# A sort of wood project...



## pils (30 Sep 2020)

I've set myself the task of designing a 'day bed (90cm x 190cm base frame)' for my severely mentally and physically disabled (adult) son, forgive me if this is sacrilegious, out of die cut 18mm poplar plywood. On occasion he has epileptic seizures and we require a 'safe space' downstairs.
Having hummed and hawed with gates, tambours, bifold-sliding-pocket-doors etc, I came up with the below. (I may split the front 'gate' in two horizontally)








In a perfect world all joins would be bolts (except for the two rear and two front corner posts/strengtheners/joins/guide-rail) to enable taking apart.

I'm wondering if anyone has any bright/clever/genius/simple ideas/guidance that might enable me to better construct this behemoth regarding the 'joins', bolt/nut/screw types, and/or 'weak points' and/or anything really...

do bear in mind that (this particular) die cut can only cut on one plane (so I / or someone competent would be responsible for drilling guide holes in some places for nuts/bolts (like this? > https://www.amazon.com/IKEA-HEMNES-Bedframe-Replacement-Classic/dp/B01MZ7HNQ1)

FYI I know virtually nothing about woodworking and even less about joins/bolts/plywood...and am terrible at drilling in a straight line...I can post proof if required. :]

ps. the frame is covered with folded over and tucked in duvets - part of the purpose of the gaps.
pps. I'm still tinkering with the design.
ppps. forgive me if this isn't really 'woodworking' but I'm out of my depth with the 'detail'.

kindest to all

pils


----------



## NickM (1 Oct 2020)

I’m afraid that I can’t answer your questions but I hope that someone on here can help.

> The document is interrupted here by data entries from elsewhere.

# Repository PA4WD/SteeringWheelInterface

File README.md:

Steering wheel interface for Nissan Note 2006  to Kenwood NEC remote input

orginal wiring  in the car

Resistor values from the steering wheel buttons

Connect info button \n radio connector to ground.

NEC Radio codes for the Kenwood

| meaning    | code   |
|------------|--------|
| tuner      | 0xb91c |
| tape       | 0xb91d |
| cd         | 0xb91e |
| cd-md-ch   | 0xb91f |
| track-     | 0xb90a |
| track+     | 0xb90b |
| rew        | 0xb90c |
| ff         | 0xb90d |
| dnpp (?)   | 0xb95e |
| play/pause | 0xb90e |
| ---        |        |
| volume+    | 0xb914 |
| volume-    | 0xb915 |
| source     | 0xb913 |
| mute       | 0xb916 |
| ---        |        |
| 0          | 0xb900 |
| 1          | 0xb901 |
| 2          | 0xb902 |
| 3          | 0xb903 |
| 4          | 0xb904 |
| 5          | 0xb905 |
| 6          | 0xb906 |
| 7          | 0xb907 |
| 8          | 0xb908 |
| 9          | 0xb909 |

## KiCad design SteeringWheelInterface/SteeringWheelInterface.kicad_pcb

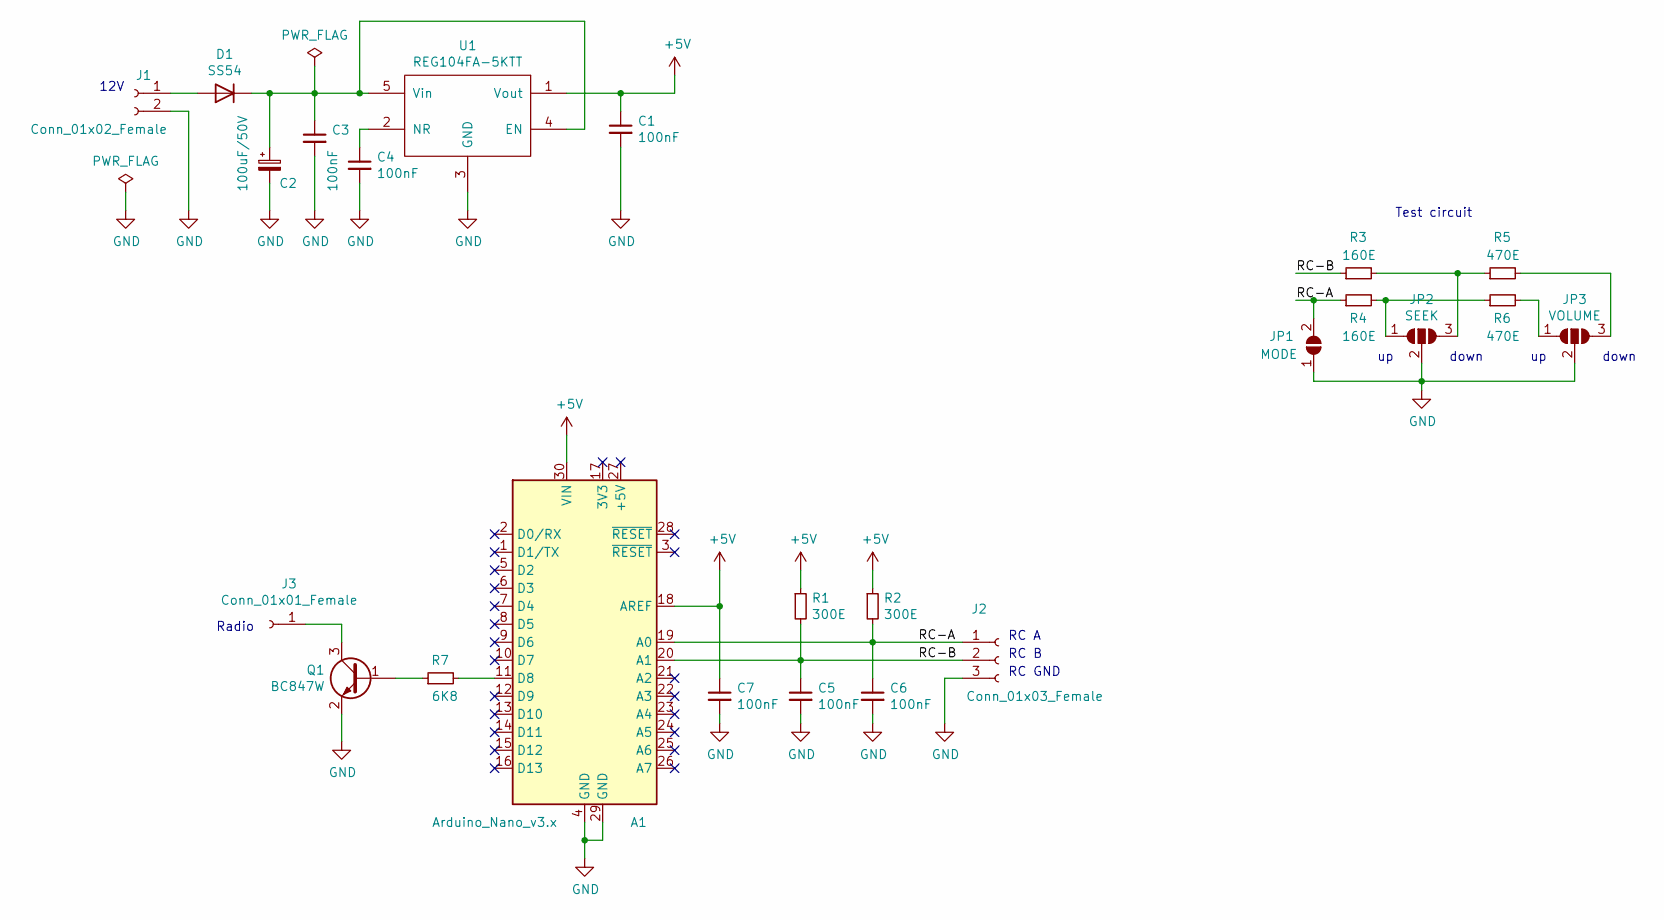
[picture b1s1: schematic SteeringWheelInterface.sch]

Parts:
A1: Arduino_Nano_v3.x; Arduino_Nano
C1, C3, C4, C5, C6, C7: 100nF; C_1206_3216Metric_Pad1.42x1.75mm_HandSolder
C2: 100uF/50V; CP_Radial_D8.0mm_P3.80mm
D1: SS54; D_2114_3652Metric_Pad1.85x3.75mm_HandSolder
J1: Conn_01x02_Female; PinHeader_1x02_P2.54mm_Vertical
J2: Conn_01x03_Female; PinHeader_1x03_P2.54mm_Vertical
J3: Conn_01x01_Female; PinHeader_1x01_P2.54mm_Vertical
JP1: MODE; SolderJumper-2_P1.3mm_Open_Pad1.0x1.5mm
JP2: SEEK; SolderJumper-3_P1.3mm_Open_Pad1.0x1.5mm
JP3: VOLUME; SolderJumper-3_P1.3mm_Open_Pad1.0x1.5mm
Q1: BC847W; SOT-323_SC-70
R1, R2: 300E; R_1206_3216Metric_Pad1.42x1.75mm_HandSolder
R3, R4: 160E; R_1206_3216Metric_Pad1.42x1.75mm_HandSolder
R5, R6: 470E; R_1206_3216Metric_Pad1.42x1.75mm_HandSolder
R7: 6K8; R_1206_3216Metric_Pad1.42x1.75mm_HandSolder
U1: REG104FA-5KTT; TO-263-5_TabPin3

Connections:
+5V: A1.18 (AREF), A1.30 (VIN), C1.1, C7.1, R1.1, R2.1, U1.1 (Vout)
/RC-A: A1.19 (A0), C6.1, J2.1, JP1.2 (B), R2.2, R4.1
/RC-B: A1.20 (A1), C5.1, J2.2, R1.2, R3.1
GND: A1.4 (GND), A1.29 (GND), C1.2, C2.2, C3.2, C4.2, C5.2, C6.2, C7.2, J1.2, J2.3, JP1.1 (A), JP2.2 (C), JP3.2 (C), Q1.2 (E), U1.3 (GND)
unnamed: A1.11 (D8), R7.2
unnamed: C2.1, C3.1, D1.1 (K), U1.4 (EN), U1.5 (Vin)
unnamed: C4.1, U1.2 (NR)
unnamed: D1.2 (A), J1.1
unnamed: J3.1, Q1.3 (C)
unnamed: JP2.1 (A), R4.2, R6.1
unnamed: JP2.3 (B), R3.2, R5.1
unnamed: JP3.1 (A), R6.2
unnamed: JP3.3 (B), R5.2
unnamed: Q1.1 (B), R7.1

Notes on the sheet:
12V
RC A
RC B
RC GND
Radio
down
Test circuit

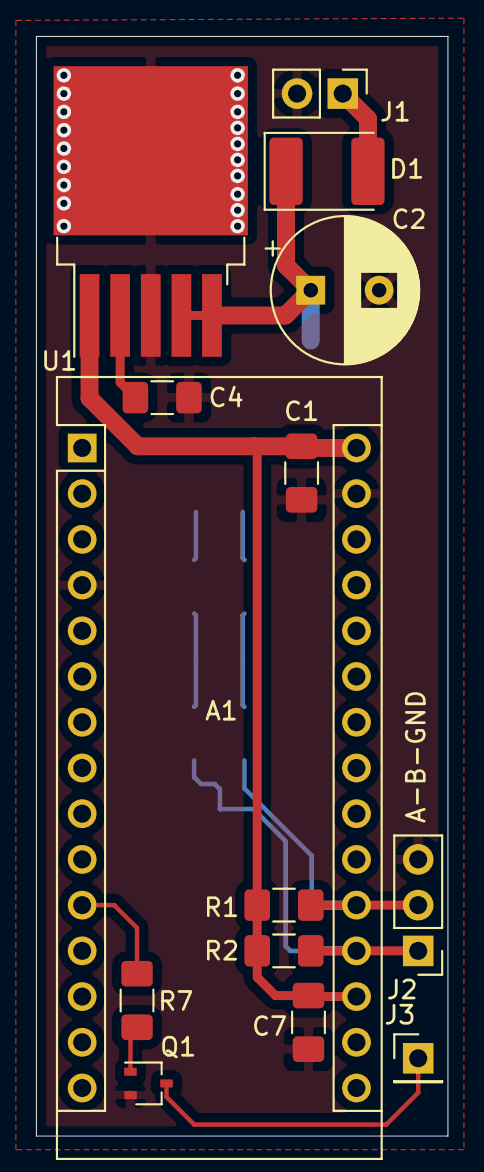
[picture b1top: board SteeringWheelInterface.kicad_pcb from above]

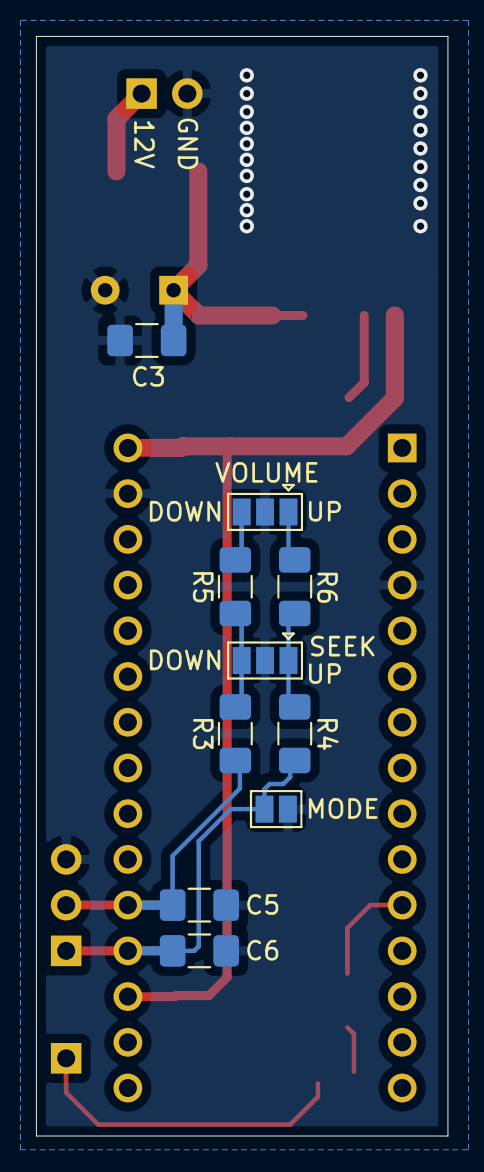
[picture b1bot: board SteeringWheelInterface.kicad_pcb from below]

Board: 2 copper layers, 22.9 x 61.1 mm, 24 parts (10 on the bottom side), 14 nets.

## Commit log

2021-02-27 Update README.md
    Show schematic in readme
2021-02-27 Update README.md
    Show images

Certainly no need to seek forgiveness for asking. It definitely is woodworking and clearly a very important project for you.


----------



## Cabinetman (2 Oct 2020)

Yes I agree, and just to say you knew something I didn’t, I had to look up diecutting. But I don’t think that’s quite what is required as 18 mm ply isn’t very easy to slice in that way I think you may need a jigsaw to give the effect you want but it’s a lot of work to cut that pattern on the sides, Would it be possible for you to do the pictures in a slightly different way? As on my iPad at fully expanded I couldn’t really see what was going on, what all the parts were and how it worked.
I’m sure we would all like to help Pils. Ian


----------



## Droogs (2 Oct 2020)

Is this to be put up and stay up for a while or is it to be made as and when? Also do you intend to have this where it can be seen or in a private area (just from a design POV)? If his seizures are quite "violent" ie lots of moving it may be prudent to have some form of metal framing that the ply is then attached to.


----------



## gog64 (2 Oct 2020)

Hi Pils. To start off, an you clarify a little? Do you mean that you are going to design the bed, then have someone CNC cut your design and deliver the parts to you ready for assembly?


----------



## Tris (2 Oct 2020)

Hi, 
This looks like the type of project that a cnc router would be ideally suited to. I see you are based in Oxfordshire and a quick Internet search brought up a decent number of companies that do cnc work. 

I'm assuming the mattress base will sit on a timber frame of about 6" x 2"? In which case standard bed bolts would work well to hold the frame together. 

Do you need a gap between the base and sides all the way around to tuck the duvets in or only along the sides? It will be easier if the head and foot boards can be screwed to the frame crossmembers. 

I can picture the side panel split horizontally as you describe, and with a mechanism akin to a gate latch to secure it so that it can be closed in one movement but won't rattle open. The only trouble is I don't know if a latch like this exists so if anyone knows of a furniture catch like this please jump in. 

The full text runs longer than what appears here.